Sister Mary Jo was on hand for Marian Catholic High School Night at the game, which is the school in Chicago Heights, Illinois where she teaches as one of the Dominican nuns. She even got some warm-up throws in the school's gym prior to her big league appearance.

"She was pretty good, actually," White Sox manager Rick Renteria told MLB.com. "We talked to her a little bit but before we were talking to her, she was talking to someone and she wanted to warm up. She had a mitt and a ball. She gave him the mitt. She stepped back at about 45 feet and threw a bullet.

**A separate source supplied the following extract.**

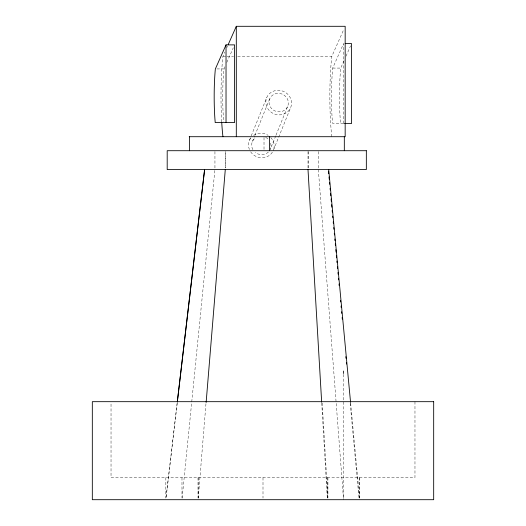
<?xml version="1.0" encoding="UTF-8"?>
<svg xmlns="http://www.w3.org/2000/svg" width="526" height="526" viewBox="0 0 526 526"><rect width="100%" height="100%" fill="white"/><g stroke="black" fill="none" stroke-linecap="round" stroke-linejoin="round"><path stroke-width="0.39" stroke-dasharray="2.63 1.97" d="M198.276 498.063L206.001 403.271M182.147 498.063L214.864 170.378M224.885 66.743L223.767 70.458A44.578 5.438 90 0 0 223.399 117.995L223.695 121.782M343.557 123.511L343.557 43.612L332.708 68.078L332.531 69.886A45.552 5.556 90 0 0 332.531 123.281L343.715 123.511M344.017 60.661L340.73 68.078L340.546 69.886A45.552 5.556 -90 0 0 340.546 123.281L340.572 123.511M249.502 140.14L266.853 97.271M252.434 141.461L254.564 136.195M254.873 135.445L269.792 98.592M275.716 135.925L270.233 149.463A9.757 9.166 22 0 0 270.318 142.395M276.019 135.175L287.59 106.594A9.757 9.166 22 0 0 277.537 93.372A9.757 9.166 22 0 0 270.949 107.817A9.757 9.166 22 0 0 287.59 106.594M273.474 150.035L290.53 107.915A12.979 12.19 22 0 0 277.156 90.327A12.979 12.19 22 0 0 268.398 109.539A12.979 12.19 22 0 0 290.53 107.915M221.702 121.9A58.774 7.167 -90 0 1 222.932 56.46L224.891 52.048M226.844 47.629L227.502 46.163M226.824 62.37L233.288 47.8M331.794 136.707A58.774 7.167 -90 0 1 331.794 56.46L343.859 29.246M345.99 56.216L350.586 45.841M222.932 56.46L226.206 56.46M227.028 56.46L233.57 56.46M237.667 56.46L331.794 56.46M332.708 68.078L340.73 68.078M216.922 68.926L223.918 68.926M350.651 403.271L359.554 498.063M350.165 403.271L359.021 498.063M318.348 169.556L343.425 498.063M322.201 403.034L327.836 498.063M321.721 403.034L327.297 498.063M414.968 401.68L414.968 477.621L111.032 477.621L111.032 402.495M359.712 477.621L359.712 498.063M359.173 477.621L359.173 498.063M343.55 374.321L343.55 499.7M327.935 477.621L327.935 498.063M327.396 477.621L327.396 498.063M318.348 151.527L318.348 167.919M308.354 151.527L308.354 167.919M308.006 151.527L308.006 167.919M264.013 137.483L264.013 149.93M263 477.621L263 498.063M214.943 151.527L214.943 167.919M198.138 477.621L198.124 498.063M198.065 477.621L198.065 498.063M181.983 477.621L181.983 498.063M165.841 477.621L165.828 498.063M272.409 152.192A12.979 12.19 22 0 1 261.021 157.741A12.979 12.19 22 0 1 249.955 150.732M249.39 149.542A12.979 12.19 22 0 1 251.211 137.45M253.611 135.307A12.979 12.19 22 0 1 268.181 135.34M270.772 137.496A12.979 12.19 22 0 1 273.172 150.784M268.398 152.073A9.757 9.166 22 0 1 255.36 152.481M252.901 149.647A9.757 9.166 22 0 1 255.531 137.825M265.709 137.404A9.757 9.166 22 0 1 268.253 139.291M177.223 402.692L166.019 498.069L177.236 402.692M225.286 167.919L225.286 151.527L225.233 167.919"/><path stroke-width="0.79" d="M206.133 402.456L225.286 169.556M177.315 401.877L204.601 169.556M177.328 401.877L204.614 169.556M226.029 44.881L215.364 68.926L215.213 70.458A44.578 5.438 -90 0 0 214.851 117.995L215.2 122.545L234.583 122.545L234.583 44.881L226.029 44.881L226.029 122.545M228.153 44.69L236.305 26.3L345.168 26.3L345.168 136.707L189.209 136.707M345.161 43.612L351.572 43.612L351.572 123.511L344.497 123.511M328.691 169.556L350.572 402.456M328.494 171.193L328.724 173.646M329.033 176.914L329.263 179.366M329.565 182.634L329.717 184.271M330.098 188.354L330.249 189.991M330.558 193.259L330.788 195.711M331.091 198.979L331.321 201.432M331.623 204.699L331.853 207.152M332.162 210.42L332.314 212.05M332.695 216.14L332.846 217.771M333.228 221.86L333.379 223.491M333.76 227.58L333.911 229.211M334.293 233.301L334.451 234.931M334.832 239.021L334.983 240.652M335.286 243.919L335.443 245.557M335.825 249.64L336.048 252.092M336.357 255.36L336.587 257.812M336.89 261.08L337.041 262.717M337.422 266.8L337.58 268.438M337.962 272.521L338.113 274.158M338.494 278.241L338.645 279.878M339.027 283.961L339.178 285.598M340.552 300.307L340.703 301.944M341.085 306.027L341.243 307.664M341.624 311.747L341.775 313.384M342.156 317.467L342.308 319.104M345.819 356.694L345.97 358.324M346.351 362.414L346.502 364.045M308.006 169.556L321.669 402.212M344.32 136.707L344.32 150.712M343.55 371.047L343.55 373.499M269.522 136.707L269.522 150.712M236.305 26.3L236.305 136.707M189.577 136.707L189.577 150.712M222.932 136.707A58.774 7.167 -90 0 1 221.748 122.637M366.339 150.712L167.196 150.712L167.196 169.556L366.339 169.556L366.339 150.712M433.68 401.68L92.32 401.68L92.32 499.7L433.68 499.7L433.68 401.68"/></g></svg>

"I'm like, 'Wait a minute.' He threw it back to her and she fielded it barehanded. I was like, 'OK, she looks like she can play a little bit,' so we started talking to her. I think she said, 'I played center and short.' I said to her, 'Can you play for us?' She said, 'Sure.'"

It turns out Sister Mary Jo used to play volleyball and softball at The College of St. Scholastica in Minnesota after graduating from Cathedral High School in 1987. She also grew up in a family of 10 children that all played sports. No wonder she's got a right arm that could be classified as a lethal weapon and she's out here throwing perfect pitches.

Sister Mary Jo at Busch Stadium

Sister Mary Jo's fame extended beyond that night. She got the chance to throw out another first pitch in April 2019 at one of her beloved St. Louis Cardinals games against the Los Angeles Dodgers.

Of course, she fired a bullet for that one as well.

She even received her own Topps baseball card, which she signed hundreds of copies for fans. Topps paid her $1,000, which went toward her scholarship fund for students from her catholic school. Additionally, she received her own bobblehead and made an appearance at the 2019 ESPY awards.

Sister Mary Jo Sobieck took the mound again before the White Sox took on the Texas Rangers on August 24, 2019.

And she graced everyone with her heater in 2020:

Now all we need is a battle of the nuns. Let's get Sister Mary Jo on the bump against Sister Jean, the 101-year-old nun who goes viral every NCAA Tournament during Loyola-Chicago's postseason runs.